On page 229 of his book The Wildcats: A Story of Kentucky Football, Rice writes that "persons in the know immediately surmised that the plan was not of (Bryant's) own choosing. The university was on the verge of breaking off from its attitude 'of winning at any cost.' And the recruiting plan was just one of many steps."
Other Southeastern Conference schools seemed to have remarkably similar reactions to Bryant's out-of-state recruiting ban: What a splendid thing for Kentucky — but our school has no reason to adopt such a policy.
Auburn Coach Shug Jordan: "I think it's magnificent of the University of Kentucky and Coach Bryant to adopt a policy like that. ... I don't think Auburn would like a rule like that."
Mississippi Coach Johnny Vaught: "We'll take out-of-state boys, naturally, if they are good."

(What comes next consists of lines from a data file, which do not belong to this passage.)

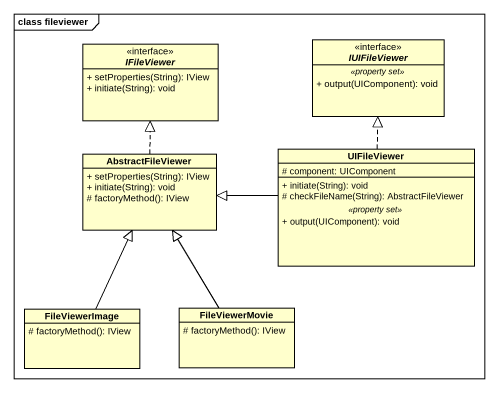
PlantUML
@startuml
mainframe class fileviewer
hide circle
hide empty members
skinparam classAttributeIconSize 0
interface IFileViewer <<interface>> {
  + setProperties(String): IView
  + initiate(String): void
}
interface IUIFileViewer <<interface>> {
  .. <<property set>> ..
  + output(UIComponent): void
}
class AbstractFileViewer {
  + setProperties(String): IView
  + initiate(String): void
  # factoryMethod(): IView
}
class UIFileViewer {
  # component: UIComponent
  --
  + initiate(String): void
  # checkFileName(String): AbstractFileViewer
  .. <<property set>> ..
  + output(UIComponent): void
}
class FileViewerImage {
  # factoryMethod(): IView
}
class FileViewerMovie {
  # factoryMethod(): IView
}
AbstractFileViewer .up.|> IFileViewer
UIFileViewer .up.|> IUIFileViewer
UIFileViewer -left-|> AbstractFileViewer
FileViewerImage -up-|> AbstractFileViewer
FileViewerMovie -up-|> AbstractFileViewer
@enduml
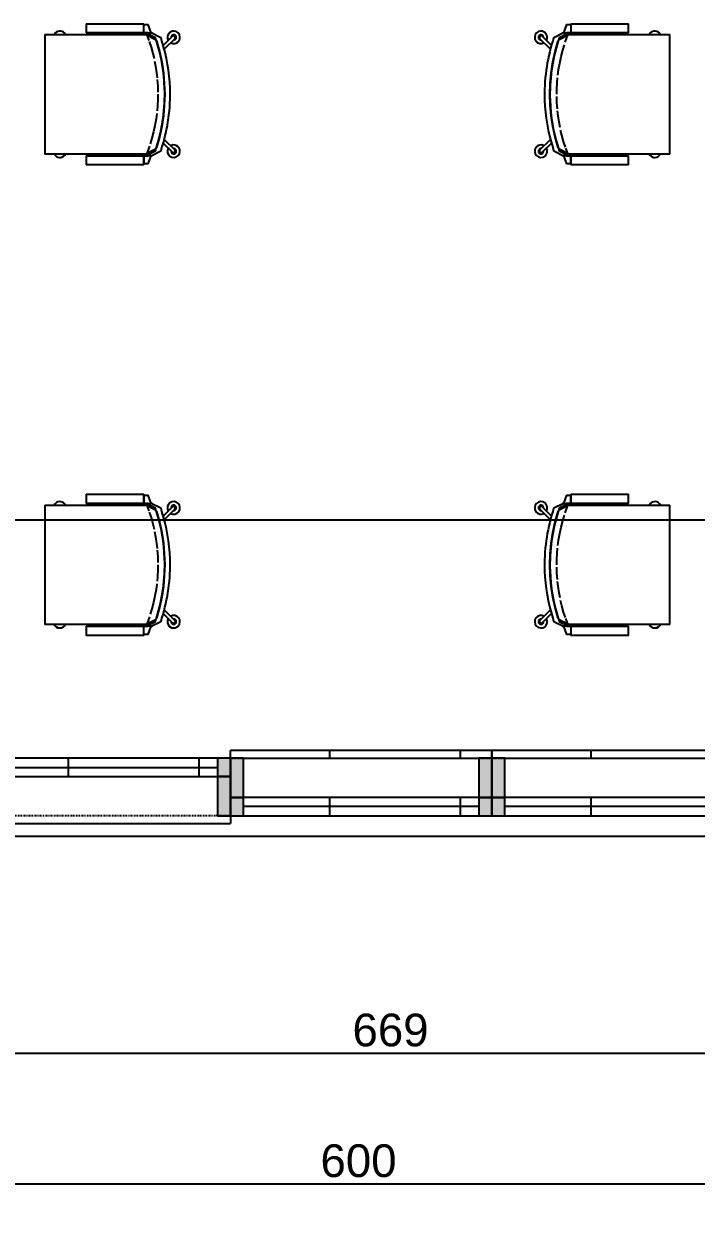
# Model space of a CAD drawing. Extents: x -5566 to 5867, y -120 to 4683.
# Drawn here: x -3015.6 to -2758.3, y 22.1 to 476 of the extents above; entities that cross this region are included whole.
import ezdxf

# ---------------------------------------------------------------- set-up
doc = ezdxf.new("R2010")
doc.units = 0
doc.linetypes.add('DASH', pattern=[0.6, 0.3, -0.3])
doc.layers.get('0').update_dxf_attribs({"linetype": 'CONTINUOUS'})
doc.layers.get('DEFPOINTS').update_dxf_attribs({"linetype": 'CONTINUOUS'})
for name, color, linetype in [('A-ANNO-DIMS', 211, 'CONTINUOUS'), ('A-GLAZ', 151, 'CONTINUOUS'), ('A-GLAZ-HDLN', 1, 'DASH'), ('A-WALL', 113, 'CONTINUOUS'), ('I-FURN', 30, 'CONTINUOUS'), ('I-WALL', 2, 'CONTINUOUS')]:
    doc.layers.add(name, color=color, linetype=linetype)
doc.styles.add('ARIAL', font='arial.ttf', dxfattribs={"height": 12.5})
doc.dimstyles.new('100_200_2_5MM_ARIAL_CM', dxfattribs={"dimscale": 30.48, "dimtxt": 12.753242, "dimasz": 0.492126, "dimexe": 0.328084, "dimexo": 0.0625, "dimgap": 0.082021, "dimtad": 1, "dimdec": 0, "dimzin": 0, "dimtxsty": 'ARIAL', "dimblk1": 'OBLIQUE', "dimblk2": 'OBLIQUE', "dimsah": 1, "dimcen": 0.09, "dimdle": 0.328084, "dimazin": 3, "dimtfac": 1, "dimtdec": 4, "dimtix": 1, "dimtmove": 0, "dimatfit": 3, "dimtvp": 1, "dimtolj": 1, "dimtzin": 0})
doc.dimstyles.new('200_100_2_5MM_ARIAL_CM___O', dxfattribs={"dimscale": 30.48, "dimtxt": 12.753242, "dimasz": 0.492126, "dimexe": 0.328084, "dimexo": 0.0625, "dimgap": 0.082021, "dimtad": 1, "dimdec": 0, "dimzin": 0, "dimtxsty": 'ARIAL', "dimblk1": 'OBLIQUE', "dimblk2": 'OBLIQUE', "dimsah": 1, "dimcen": 0.09, "dimdle": 0.328084, "dimazin": 3, "dimtfac": 1, "dimtdec": 4, "dimtix": 1, "dimtmove": 0, "dimatfit": 3, "dimtvp": 1, "dimtolj": 1, "dimtzin": 0})
pattern_1 = [(0, (-2098.5, 4006.5), (0, 100), []), (90, (-2098.5, 4006.5), (-50, 3e-15), [])]
pattern_2 = [(0, (-2198.5, 4006.5), (0, 100), []), (90, (-2198.5, 4006.5), (-50, 3e-15), [])]

# ---------------------------------------------------------------- blocks, each defined once
blk = doc.blocks.new('AR_FUR_CHAIR_OFFICE_-_AR_C')
at = {"layer": 'I-FURN'}
for p, q in [((-22.17, 22.06), (-22.06, 22.17)), ((-18.66, 17.76), (-22.17, 21.27)), ((-21.27, 22.17), (-17.25, 18.15)), ((17.25, 18.15), (21.27, 22.17)), ((22.17, 21.27), (18.66, 17.76)), ((22.06, 22.17), (22.17, 22.06)), ((-21.65, 16.89), (-23.5, 13.21)), ((-21.65, 14.8), (-23.5, 11.11)), ((23.49, 13.21), (21.65, 16.89)), ((23.49, 11.11), (21.65, 14.8)), ((-23.5, 10.32), (-26.99, 10.32)), ((-26.99, 10.16), (-26.99, 10.32)), ((-26.99, -6.79), (-26.99, 10.16)), ((-23.5, 13.21), (-26.67, 11.94)), ((-26.67, 10.67), (-26.67, 11.94)), ((-26.67, 10.32), (-26.67, 10.67)), ((-23.5, 10.32), (-26.67, 10.32)), ((-23.5, 11.94), (-23.5, 13.21)), ((-23.5, 11.94), (-23.5, 11.11)), ((-22.91, 11.11), (-23.5, 11.11)), ((-23.5, 11.11), (-23.5, 10.32)), ((-23.5, 10.32), (-23.5, 10.16)), ((-23.5, 10.16), (-23.5, -6.79)), ((-22.86, 11.11), (-22.91, 11.11)), ((-22.86, 11.11), (-22.89, 11.11)), ((-22.86, 7.93), (-22.86, 11.14)), ((-22.86, 11.11), (-22.86, 11.11)), ((-22.64, 11.55), (-20.59, 12.29)), ((22.86, 11.14), (22.86, 7.93)), ((22.89, 11.11), (22.86, 11.11)), ((22.91, 11.11), (22.86, 11.11)), ((22.86, 11.11), (22.86, 11.11)), ((23.49, 11.11), (22.91, 11.11)), ((26.67, 11.94), (23.49, 13.21)), ((26.99, 10.32), (23.49, 10.32)), ((23.49, 13.21), (23.49, 11.94)), ((23.49, 11.11), (23.49, 11.94)), ((23.49, 10.32), (23.49, 11.11)), ((23.49, 10.16), (23.49, 10.32)), ((23.49, 10.32), (26.67, 10.32)), ((23.49, -6.79), (23.49, 10.16)), ((26.67, 11.94), (26.67, 10.67)), ((26.67, 10.67), (26.67, 10.32)), ((26.99, 10.32), (26.99, 10.16)), ((26.99, 10.16), (26.99, -6.79)), ((-22.86, -16.18), (-22.86, 7.93)), ((22.86, 7.93), (22.86, -16.18)), ((-23.5, -4.13), (-22.86, -4.13)), ((22.86, -4.13), (23.49, -4.13)), ((-26.99, -9.43), (-26.99, -6.79)), ((-23.5, -6.79), (-23.5, -9.43)), ((23.49, -9.43), (23.49, -6.79)), ((26.99, -6.79), (26.99, -9.43)), ((-26.99, -11.46), (-26.99, -9.43)), ((-26.99, -11.72), (-26.99, -11.46)), ((-26.99, -11.72), (-23.5, -11.78)), ((-23.5, -9.43), (-23.5, -11.51)), ((-23.5, -11.51), (-23.5, -11.77)), ((23.49, -11.78), (26.99, -11.72)), ((23.49, -11.51), (23.49, -9.43)), ((23.49, -11.77), (23.49, -11.51)), ((26.99, -9.43), (26.99, -11.46)), ((26.99, -11.46), (26.99, -11.72)), ((-22.86, -17), (-22.86, -16.18)), ((-22.86, -24.73), (-22.86, -17)), ((22.86, -16.18), (22.86, -17)), ((22.86, -17), (22.86, -24.73)), ((-22.86, -27.04), (-22.86, -24.73)), ((-22.86, -27.5), (-22.86, -27.04)), ((22.86, -24.73), (22.86, -27.04)), ((22.86, -27.04), (22.86, -27.5)), ((-22.86, -27.5), (22.86, -27.5))]:
    blk.add_line(p, q, dxfattribs=at)
at = {"layer": 'I-FURN', "flags": 128}
for points in [[(-22.17, 22.06), (-22.25, 21.96), (-22.3, 21.85), (-22.33, 21.73), (-22.33, 21.6), (-22.3, 21.48), (-22.25, 21.37), (-22.17, 21.27)], [(-21.27, 22.17), (-21.37, 22.25), (-21.48, 22.3), (-21.6, 22.33), (-21.73, 22.33), (-21.85, 22.3), (-21.96, 22.25), (-22.06, 22.17)], [(-20.39, 15.18), (-16.4, 16.31), (-12.36, 17.18), (-8.26, 17.81), (-4.14, 18.19), (0, 18.32), (4.14, 18.19), (8.26, 17.81), (12.36, 17.18), (16.4, 16.31), (20.39, 15.18)], [(22.06, 22.17), (21.96, 22.25), (21.85, 22.3), (21.73, 22.33), (21.6, 22.33), (21.48, 22.3), (21.37, 22.25), (21.27, 22.17)], [(22.17, 21.27), (22.25, 21.37), (22.3, 21.48), (22.33, 21.6), (22.33, 21.73), (22.3, 21.85), (22.25, 21.96), (22.17, 22.06)], [(-22.85, 11.12), (-22.24, 12.35), (-21.63, 13.57), (-21.02, 14.79)], [(-20.97, 17.08), (-21.23, 17.05), (-21.44, 17), (-21.58, 16.95), (-21.65, 16.89)], [(-20.97, 14.99), (-21.23, 14.96), (-21.44, 14.91), (-21.58, 14.86), (-21.65, 14.8)], [(-20.39, 15.18), (-20.64, 15.1), (-20.87, 15.01)], [(-20.19, 12.43), (-18.08, 13.11), (-15.64, 13.78), (-13.69, 14.24)], [(-12.7, 14.45), (-10.7, 14.83), (-8.2, 15.21), (-6.39, 15.41)], [(-5.61, 15.5), (-3.16, 15.67), (-0.87, 15.74)], [(0, 15.74), (1.89, 15.72), (4.42, 15.59), (6.32, 15.42)], [(7.32, 15.31), (9.44, 15.04), (11.93, 14.61), (14.41, 14.08), (16.85, 13.46), (18.95, 12.83)], [(20.87, 15.01), (20.64, 15.1), (20.39, 15.18)], [(21.65, 16.89), (21.58, 16.95), (21.44, 17), (21.23, 17.05), (20.97, 17.08)], [(21.65, 14.8), (21.58, 14.86), (21.44, 14.91), (21.23, 14.96), (20.97, 14.99)], [(21.02, 14.79), (21.63, 13.57), (22.24, 12.35), (22.85, 11.12)], [(19.89, 12.52), (21.67, 11.92), (22.64, 11.55)]]:
    blk.add_lwpolyline(points, dxfattribs=at)
at = {"layer": 'I-FURN'}
for centre, radius, start, end in [((-21.77, 21.77), 2.41, 135, 299.6706), ((-21.77, 21.77), 2.4, 135, 299.5769), ((-21.77, 21.77), 2.41, 330.3294, 135), ((-21.77, 21.77), 2.4, 330.4231, 135), ((-21.77, 21.77), 1, 355, 135), ((21.77, 21.77), 2.41, 45, 209.6706), ((21.77, 21.77), 2.4, 45, 209.5769), ((21.77, 21.77), 2.41, 240.3294, 45), ((21.77, 21.77), 2.4, 240.4231, 45), ((21.77, 21.77), 1, 45, 185), ((-21.77, 21.77), 1, 135, 275), ((-21.77, 21.77), 0.555, 135, 176.5733), ((-21.77, 21.77), 0.555, 93.4267, 135), ((21.77, 21.77), 1, 265, 45), ((21.77, 21.77), 0.555, 45, 86.5733), ((21.77, 21.77), 0.555, 3.4267, 45), ((-22.86, 13.21), 0.635, 127.5514, 180), ((22.86, 13.21), 0.635, 360, 52.4486), ((-22.91, 11.43), 0.317, 270, 280.5561), ((22.91, 11.43), 0.317, 259.4439, 270), ((-21.77, -21.77), 2.41, 117, 213), ((-21.77, -21.77), 2.4, 117, 225), ((21.77, -21.77), 2.4, 315, 63), ((21.77, -21.77), 2.41, 315, 63), ((-21.77, -21.77), 2.41, 213.2158, 225), ((-21.77, -21.77), 2.41, 225, 243.0813), ((-21.77, -21.77), 2.4, 225, 242.9101), ((21.77, -21.77), 2.4, 297.0899, 315), ((21.77, -21.77), 2.41, 296.9187, 315)]:
    blk.add_arc(centre, radius, start, end, dxfattribs=at)
for points, knots in [([(20.39, 17.28), (16.73, 18.43), (9.22, 20.11), (-4.62, 20.82), (-14.54, 19.12), (-20.39, 17.28)], [-1, -1, -1, -1, -0.722222, -0.444444, 0, 0, 0, 0]), ([(-20.39, 15.08), (-14.54, 16.92), (-4.62, 18.62), (9.22, 17.92), (16.73, 16.23), (20.39, 15.08)], [0, 0, 0, 0, 0.444444, 0.722222, 1, 1, 1, 1])]:
    blk.add_open_spline(points, degree=3, knots=knots, dxfattribs=at)
for points in [[(-23.33, 13.63), (-23.34, 13.62), (-23.34, 13.62), (-23.35, 13.61)], [(-21.02, 14.79), (-21.02, 14.8), (-21, 14.81), (-20.97, 14.83), (-20.95, 14.84)], [(-20.87, 17.11), (-20.89, 17.1), (-20.92, 17.09), (-20.95, 17.09), (-20.97, 17.08)], [(-20.87, 15.01), (-20.89, 15.01), (-20.92, 15), (-20.95, 14.99), (-20.97, 14.99)], [(-20.95, 14.84), (-20.93, 14.86), (-20.88, 14.89), (-20.78, 14.94), (-20.66, 14.98), (-20.53, 15.03), (-20.44, 15.07), (-20.39, 15.08)], [(-20.39, 17.28), (-20.47, 17.25), (-20.64, 17.2), (-20.79, 17.14), (-20.87, 17.11)], [(20.87, 17.11), (20.79, 17.14), (20.64, 17.2), (20.47, 17.25), (20.39, 17.28)], [(20.39, 15.08), (20.44, 15.07), (20.53, 15.03), (20.66, 14.98), (20.78, 14.94), (20.88, 14.89), (20.93, 14.86), (20.95, 14.84)], [(20.97, 17.08), (20.95, 17.09), (20.92, 17.09), (20.89, 17.1), (20.87, 17.11)], [(20.97, 14.99), (20.95, 14.99), (20.92, 15), (20.89, 15.01), (20.87, 15.01)], [(20.95, 14.84), (20.97, 14.83), (21, 14.81), (21.02, 14.8), (21.02, 14.79)], [(23.35, 13.61), (23.34, 13.62), (23.34, 13.62), (23.33, 13.63)], [(-23.42, 13.51), (-23.42, 13.5), (-23.43, 13.49), (-23.43, 13.49)], [(-22.86, 11.12), (-22.86, 11.12), (-22.86, 11.12), (-22.85, 11.12)], [(22.85, 11.12), (22.86, 11.12), (22.86, 11.12), (22.86, 11.12)], [(23.43, 13.49), (23.43, 13.49), (23.42, 13.5), (23.42, 13.51)]]:
    blk.add_open_spline(points, degree=3, dxfattribs=at)
blk = doc.blocks.new('AR_FUR_CHAIR_OFFICE_-_AR_2')
at = {"layer": 'I-FURN'}
for p, q in [((22.86, 27.5), (-22.86, 27.5)), ((-22.86, 27.04), (-22.86, 27.5)), ((22.86, 27.5), (22.86, 27.04)), ((-22.86, 24.73), (-22.86, 27.04)), ((-22.86, 17), (-22.86, 24.73)), ((22.86, 27.04), (22.86, 24.73)), ((22.86, 24.73), (22.86, 17)), ((-22.86, 16.18), (-22.86, 17)), ((-22.86, -7.93), (-22.86, 16.18)), ((22.86, 17), (22.86, 16.18)), ((22.86, 16.18), (22.86, -7.93)), ((-23.5, 11.78), (-26.99, 11.72)), ((-26.99, 11.46), (-26.99, 11.72)), ((-26.99, 9.43), (-26.99, 11.46)), ((-26.99, 6.79), (-26.99, 9.43)), ((-23.5, 11.77), (-23.5, 11.51)), ((-23.5, 11.51), (-23.5, 9.43)), ((-23.5, 9.43), (-23.5, 6.79)), ((26.99, 11.72), (23.5, 11.78)), ((23.5, 11.51), (23.5, 11.77)), ((23.5, 9.43), (23.5, 11.51)), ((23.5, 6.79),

Inside Kentucky, the media praised Bryant for idealism. An editorial in The Courier-Journal called the UK policy "a sound one" and implored other state universities to adopt it.
Earl Ruby, a C-J sports columnist, wrote that "there is no reason to think (the out-of-state recruiting ban) will seriously weaken Kentucky in football. There are enough excellent football players leaving Kentucky high schools each summer to form several strong college teams."
Ruby called on Rupp to implement such a policy for the UK basketball program, too.
Like Bryant, the UK basketball coach had greatly benefited in this era from out-of-state talent like Groza (Ohio), Cliff Barker (Indiana) and Bill Spivey (Georgia).
At first, Rupp refused to give his views on the ban. Pressed after the Cats beat LSU in a basketball game on Jan. 5, Rupp finally directed reporters "to look at the box score."
Rupp had played seven players in a 57-47 win. Six were natives of Kentucky.
Bryant told reporters that it would be at least four years before one could judge whether the ban on out-of-state recruiting was working out for Kentucky football.
The coach himself only made it through two of those years before bailing.
History has long maintained that Bryant left Kentucky due, largely, to his personal rivalry with Rupp.
Others say UK's recruiting loss of Louisville high school football star Paul Hornung to Notre Dame in 1953 was actually the final straw for the Bear.
Losing Hornung, who went on to win the 1956 Heisman Trophy, brought into stark outline for Bryant the box he was in at UK after imposing the out-of-state recruiting ban.
By the time the four years Bryant said were needed to evaluate the policy had elapsed, the Bear was at Texas A&M. Former Cleveland Browns assistant Blanton Collier was the Kentucky football coach.
Collier had both grown up in and started his coaching career in Kentucky. On page 237 of The Wildcats, Rice quotes Collier describing his job interview for the UK position.
"One of the first things Dr. Donovan asked me was if I planned to restrict recruiting to the state of Kentucky," said Collier. "I told him, 'I don't think you can. I have not been in Kentucky for a long time, but I don't think there are enough football players to win with, even if you get them all. You've got to go out of state to recruit.' (Donovan) agreed with me 100 percent."
UK eased the recruiting restriction at that time, Rice said Friday.
However, as quoted in Rice's book, Collier said the damage had already been done.
"The program had lost contact — was out of touch — with those out-of-state people who had been helping Kentucky in their recruiting," Collier said. "They had transferred their allegiance to other schools."
By 1957, UK's record sagged to 3-7. To this day, the 1952 Cotton Bowl remains the last major bowl in which Kentucky has played.
Many factors other than a relatively short-lived ban on out-of-state recruiting explain the historic struggles of University of Kentucky football.
Still, it is a fact that UK football has never gotten back to the level it was at on 1/3/52.
The day the Bear flew home from the Cotton Bowl and made an announcement that shocked the football world.